Excerpts from a dataset »
>>>>>

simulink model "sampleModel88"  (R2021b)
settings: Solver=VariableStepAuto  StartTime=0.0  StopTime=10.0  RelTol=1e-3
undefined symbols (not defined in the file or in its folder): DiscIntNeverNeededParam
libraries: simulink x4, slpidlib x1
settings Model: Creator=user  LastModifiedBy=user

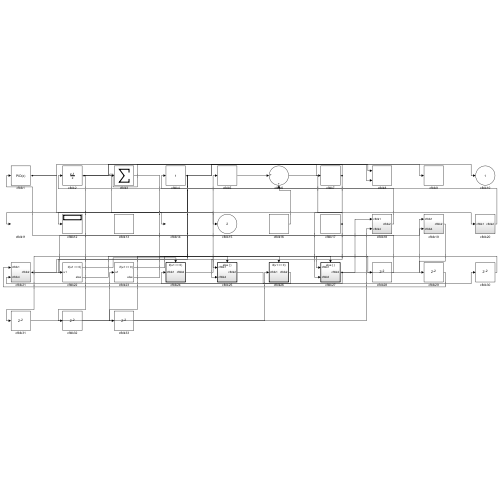
[thumbnail: Simulink's stored preview of the top-level diagram]
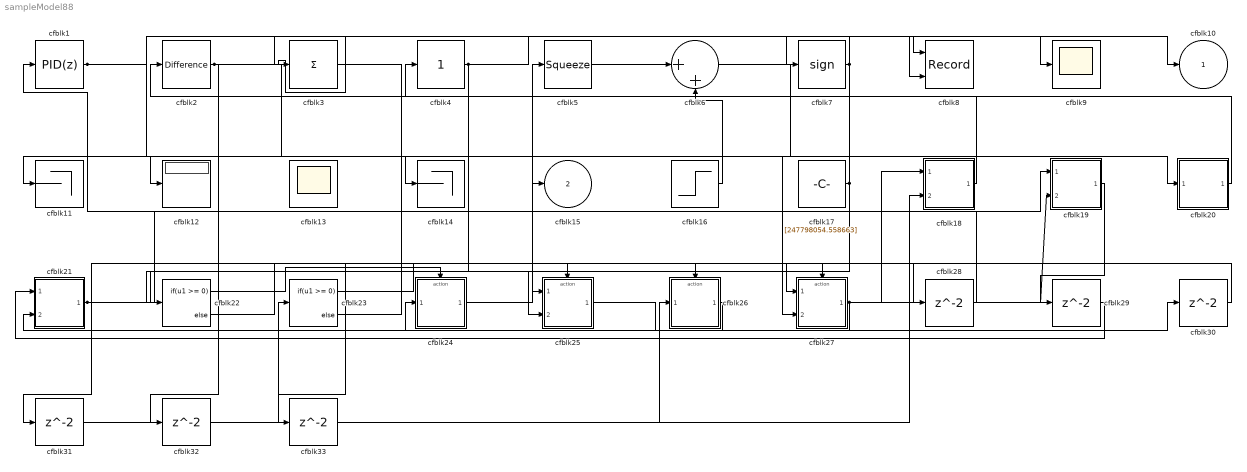
== system sampleModel88 ==
  cfblk1 : slpidlib/PID Controller  Controller=PID  Form=Parallel  TimeDomain=Discrete-time  UseExternalTs=off  SampleTime=1  IntegratorMethod=Forward Euler  FilterMethod=Forward Euler  ControllerParametersSource=internal  P=1  I=1  D=0  UseFilter=on  N=100  TunerSelectOption=Transfer Function Based (PID Tuner App)  InitialConditionSource=internal  InitialConditionForIntegrator=0  InitialConditionForFilter=0  DifferentiatorICPrevScaledInput=0  ExternalReset=none  TrackingMode=off  Kt=1  LimitOutput=off  SatLimitsSource=internal  UpperSaturationLimit=inf  LowerSaturationLimit=-inf  LinearizeAsGain=off  AntiWindupMode=none  Kb=1  POutMin=[]  POutMax=[]  IOutMin=[]  IOutMax=[]  DOutMin=[]  DOutMax=[]  NOutMin=[]  NOutMax=[]  SumOutMin=[]  SumOutMax=[]  SaturationOutMin=[]  SaturationOutMax=[]  PParamMin=[]  PParamMax=[]  IParamMin=[]  IParamMax=[]  DParamMin=[]  DParamMax=[]  NParamMin=[]  NParamMax=[]  KbParamMin=[]  KbParamMax=[]  KtParamMin=[]  KtParamMax=[]  KbOutMin=[]  KbOutMax=[]  KtOutMin=[]  KtOutMax=[]  IntegratorOutMin=[]  IntegratorOutMax=[]  FilterOutMin=[]  FilterOutMax=[]  SumI1OutMin=[]  SumI1OutMax=[]  SumI2OutMin=[]  SumI2OutMax=[]  SumI3OutMin=[]  SumI3OutMax=[]  SumI4OutMin=[]  SumI4OutMax=[]  SumDOutMin=[]  SumDOutMax=[]  DifferentiatorOutMin=[]  DifferentiatorOutMax=[]  FilterDiffOutCoefMin=[]  FilterDiffOutCoefMax=[]  ReciprocalOutMin=[]  ReciprocalOutMax=[]  SumDenOutMin=[]  SumDenOutMax=[]  SumNumOutMin=[]  SumNumOutMax=[]  DivideOutMin=[]  DivideOutMax=[]  UdiffTsProdOutMin=[]  UdiffTsProdOutMax=[]  NTsProdOutMin=[]  NTsProdOutMax=[]  UintegralTsProdOutMin=[]  UintegralTsProdOutMax=[]  UngainTsProdOutMin=[]  UngainTsProdOutMax=[]  IntegratorContinuousStateAttributes=''  IntegratorStateMustResolveToSignalObject=off  IntegratorRTWStateStorageClass=Auto  FilterContinuousStateAttributes=''  FilterStateMustResolveToSignalObject=off  FilterRTWStateStorageClass=Auto  ParallelPVariant=InternalParameters  IdealPVariant=Disabled  IVariant=InternalParameters  DVariant=InternalParameters  IntegratorVariant=Discrete  SatVariant=Disabled  AWVariant=Passthrough  PCopyVariant=Disabled  TRVariant=Disabled  FdbkBlocksVariant=Forward  IdealPFdbkVariant=Disabled  SatFdbkVariant=Disabled  DerivativeFilterVariant=ForwardEulerFilter  NVariant=InternalParameters  NCopyVariant=Disabled  FilterICVariant=InternalICsFilter  IntegratorICVariant=InternalICs  ExternalResetVariant=Disabled  TRSumVariant=Passthrough  SumFdbkVariant=Disabled  SumVariant=Sum_PID  TsampFilterVariant=InternalTs  TsampNgainVariant=Passthrough  TsampIntegralVariant=Passthrough  ExternalSaturationOutDataTypeStr=Inherit: Same as second input
  cfblk11 : Terminator
  cfblk12 : Display
  cfblk13 : Scope
      settings: Floating=on
  cfblk14 : Terminator
  cfblk16 : Step  Time=[42.000000]  Before=[-331244092.767330]  After=[91945921.940869]  SampleTime=0
  cfblk17 : Constant  Value=[247798054.558663]  SampleTime=1
  cfblk18 : Subsystem
  cfblk19 : Subsystem
  cfblk2 : simulink/Discrete/Difference  ICPrevInput=0.0  OutMin=[]  OutMax=[]  OutDataTypeStr=Inherit: Inherit via back propagation  OutDataType=fixdt(1, 16)  OutScaling=2^-10  DoSatur=off
  cfblk20 : Subsystem
  cfblk21 : Subsystem
  cfblk22 : If  IfExpression=u1 >= 0  SampleTime=1
  cfblk23 : If  IfExpression=u1 >= 0  SampleTime=1
  cfblk24 : Subsystem  TreatAsAtomicUnit=on
  cfblk25 : Subsystem  TreatAsAtomicUnit=on
  cfblk26 : Subsystem  TreatAsAtomicUnit=on
  cfblk27 : Subsystem  TreatAsAtomicUnit=on
  cfblk{28..33} (6 alike) : Delay  SampleTime=1
  cfblk3 : Sum  Inputs=+
  cfblk4 : simulink/Math Operations/Slider Gain  gain=1  low=0  high=2
  cfblk5 : Squeeze
  cfblk6 : Sum  Inputs=|++
  cfblk7 : Signum
  cfblk8 : Record  FileSettingsInternal="{\"entries\":[{\"content\":{\"excelSettings\":{\"content\":{},\"type\":\"Streamout.ExcelSettings\"}},\"type\":\"Streamout.FileSettingStorage\",\"uuid\":\"b038219a-e529-48f4-881b-4badf53b2b9a\"}],\"packageUris\":[\"http://schema.mathworks.com/mf0/streamout_blocks/R2020a\"],\"version\":\"1.0\"}"  Layout=[1 1]  SignalsInternal="{\"entries\":[{\"content\":{\"signals\":[{\"content\":{\"blockPath\":[\"sampleModel88/cfblk8\"],\"channel\":[],\"dimensions\":[1],\"domain\":\"sampleModel88/cfblk8\",\"lineColor\":\"#a2142f\",\"plots\":[1],\"port\":1,\"sid\":[\"\"],\"signalID\":3229,\"signalName\":\"cfblk2\"},\"type\":\"RecordBlkView.Signal\",\"uuid\":\"ab24b6fa-e36f-4130-b5ba-aebcd7f8bbcd\"},{\"content\":{\"blockPath\":[\"sampleModel88/cfblk8\"],\"channel\":[],\"dimensions\":[1],\"domain\":\"sampleModel88/cfblk8\",\"lineColor\":\"#139fff\",\"plots\":[1],\"port\":2,\"sid\":[\"\"],\"signalID\":3233,\"signalName\":\"cfblk4\"},\"type\":\"RecordBlkView.Signal\",\"uuid\":\"2c75b521-50e3-4ca5-921c-4dc232e13dc1\"}]},\"type\":\"RecordBlkView.InputSignals\",\"uuid\":\"449531fb-f29a-45db-ad19-62afd6d0b53e\"}],\"packageUris\":[\"http://schema.mathworks.com/mf0/streamout_blocks/R2020a\"],\"version\":\"1.0\"}"  VisualizationBindings="{\"xyplotplugin\":{\"info\":[{\"series\":[{\"bindingParametersList\":[{\"parameter\":\"X-Axis\",\"signalID\":3229,\"signalName\":\"cfblk2\"},{\"parameter\":\"Y-Axis\",\"signalID\":3233,\"signalName\":\"cfblk4\"}],\"seriesID\":13138}],\"subplotID\":1}]}}"  CompatibilityTag=XY
  cfblk9 : Scope
  cfblk10 : Outport
  cfblk15 : Outport  Port=2
  wires:
  cfblk5/1 -> cfblk6/1
  cfblk21/1(cfblk2) -> cfblk19/1(cfblk1), cfblk25/1(cfblk1)
  cfblk20/1(cfblk2) -> cfblk2/1
  cfblk24/1(cfblk2) -> cfblk5/1
  cfblk18/1(cfblk2) -> cfblk4/1
  cfblk2/1 -> cfblk15/1, cfblk8/1, cfblk10/1, cfblk32/1
  cfblk26/1(cfblk2) -> cfblk24/1(cfblk1)
  cfblk6/1 -> cfblk20/1(cfblk1)
  cfblk1/1 -> cfblk14/1, cfblk7/1
  cfblk17/1 -> cfblk11/1, cfblk25/2(cfblk4)
  cfblk4/1 -> cfblk22/1, cfblk9/1, cfblk12/1, cfblk8/2, cfblk31/1, cfblk33/1
  cfblk27/1(cfblk2) -> cfblk21/2(cfblk4), cfblk19/2(cfblk4), cfblk18/1(cfblk1)
  cfblk16/1 -> cfblk6/2
  cfblk7/1 -> cfblk3/1, cfblk27/2(cfblk3)
  cfblk22/1 -> cfblk24/Action
  cfblk22/2 -> cfblk25/Action
  cfblk23/1 -> cfblk26/Action
  cfblk23/2 -> cfblk27/Action
  cfblk3/1 -> cfblk28/1
  cfblk28/1 -> cfblk1/1
  cfblk19/1(cfblk2) -> cfblk29/1
  cfblk29/1 -> cfblk21/1(cfblk1)
  cfblk25/1(cfblk2) -> cfblk30/1
  cfblk30/1 -> cfblk27/1(cfblk1)
  cfblk31/1 -> cfblk26/1(cfblk1)
  cfblk32/1 -> cfblk23/1
  cfblk33/1 -> cfblk18/2(cfblk4)

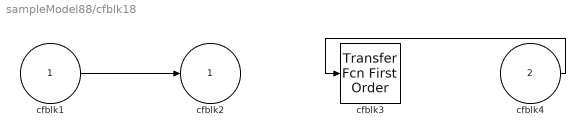
== system sampleModel88/cfblk18 ==
  cfblk1 : Inport
  cfblk4 : Inport  Port=2
  cfblk3 : simulink/Discrete/Transfer Fcn First Order  PoleZ=0.95  ICPrevOutput=0.0  DoSatur=off
  cfblk2 : Outport
  wires:
  cfblk4/1 -> cfblk3/1
  cfblk1/1 -> cfblk2/1

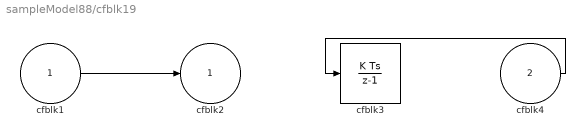
== system sampleModel88/cfblk19 ==
  cfblk1 : Inport
  cfblk4 : Inport  Port=2
  cfblk3 : DiscreteIntegrator  ICPrevOutput=DiscIntNeverNeededParam  ICPrevScaledInput=DiscIntNeverNeededParam
  cfblk2 : Outport
  wires:
  cfblk1/1 -> cfblk2/1
  cfblk4/1 -> cfblk3/1

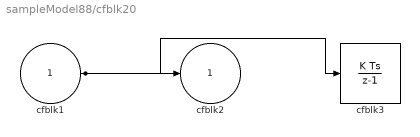
== system sampleModel88/cfblk20 ==
  cfblk1 : Inport
  cfblk3 : DiscreteIntegrator  ICPrevOutput=DiscIntNeverNeededParam  ICPrevScaledInput=DiscIntNeverNeededParam
  cfblk2 : Outport
  wires:
  cfblk1/1 -> cfblk2/1, cfblk3/1

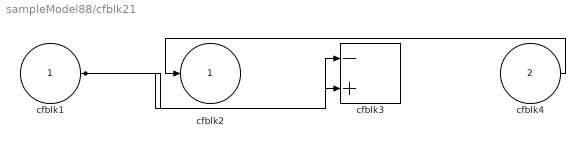
== system sampleModel88/cfblk21 ==
  cfblk1 : Inport
  cfblk4 : Inport  Port=2
  cfblk3 : Sum  Inputs=-+
  cfblk2 : Outport
  wires:
  cfblk4/1 -> cfblk2/1
  cfblk1/1 -> cfblk3/1, cfblk3/2

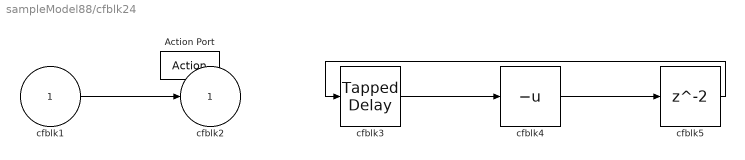
== system sampleModel88/cfblk24 ==
  cfblk1 : Inport
  Action Port : ActionPort  ActionPortLabel=if(u1 >= 0)
  cfblk3 : simulink/Discrete/Tapped Delay  vinit=0.0  samptime=-1  NumDelays=1  DelayOrder=Oldest  includeCurrent=off
  cfblk4 : UnaryMinus
  cfblk5 : Delay
  cfblk2 : Outport
  wires:
  cfblk1/1 -> cfblk2/1
  cfblk3/1 -> cfblk4/1
  cfblk4/1 -> cfblk5/1
  cfblk5/1 -> cfblk3/1

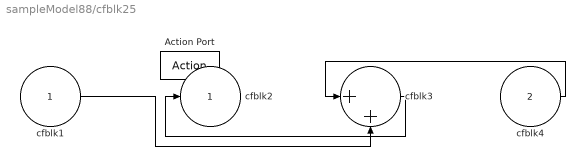
== system sampleModel88/cfblk25 ==
  cfblk1 : Inport
  cfblk4 : Inport  Port=2
  Action Port : ActionPort  ActionPortLabel=else
  cfblk3 : Sum  Inputs=|++
  cfblk2 : Outport
  wires:
  cfblk4/1 -> cfblk3/1
  cfblk3/1 -> cfblk2/1
  cfblk1/1 -> cfblk3/2

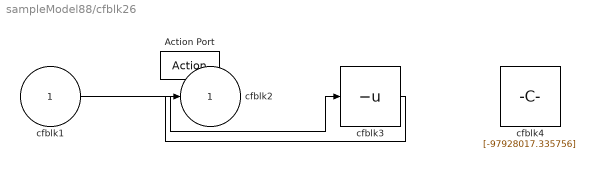
== system sampleModel88/cfblk26 ==
  cfblk1 : Inport
  Action Port : ActionPort  ActionPortLabel=if(u1 >= 0)
  cfblk3 : UnaryMinus
  cfblk4 : Constant  Value=[-97928017.335756]  SampleTime=1
  cfblk2 : Outport
  wires:
  cfblk1/1 -> cfblk3/1
  cfblk3/1 -> cfblk2/1

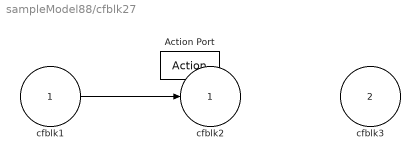
== system sampleModel88/cfblk27 ==
  cfblk1 : Inport
  cfblk3 : Inport  Port=2
  Action Port : ActionPort  ActionPortLabel=else
  cfblk2 : Outport
  wires:
  cfblk1/1 -> cfblk2/1

<<<<<

Exercise objective » Gather each line in the data that holds the string "Value".

Answer section »
  cfblk17 : Constant  Value=[247798054.558663]  SampleTime=1
  cfblk4 : Constant  Value=[-97928017.335756]  SampleTime=1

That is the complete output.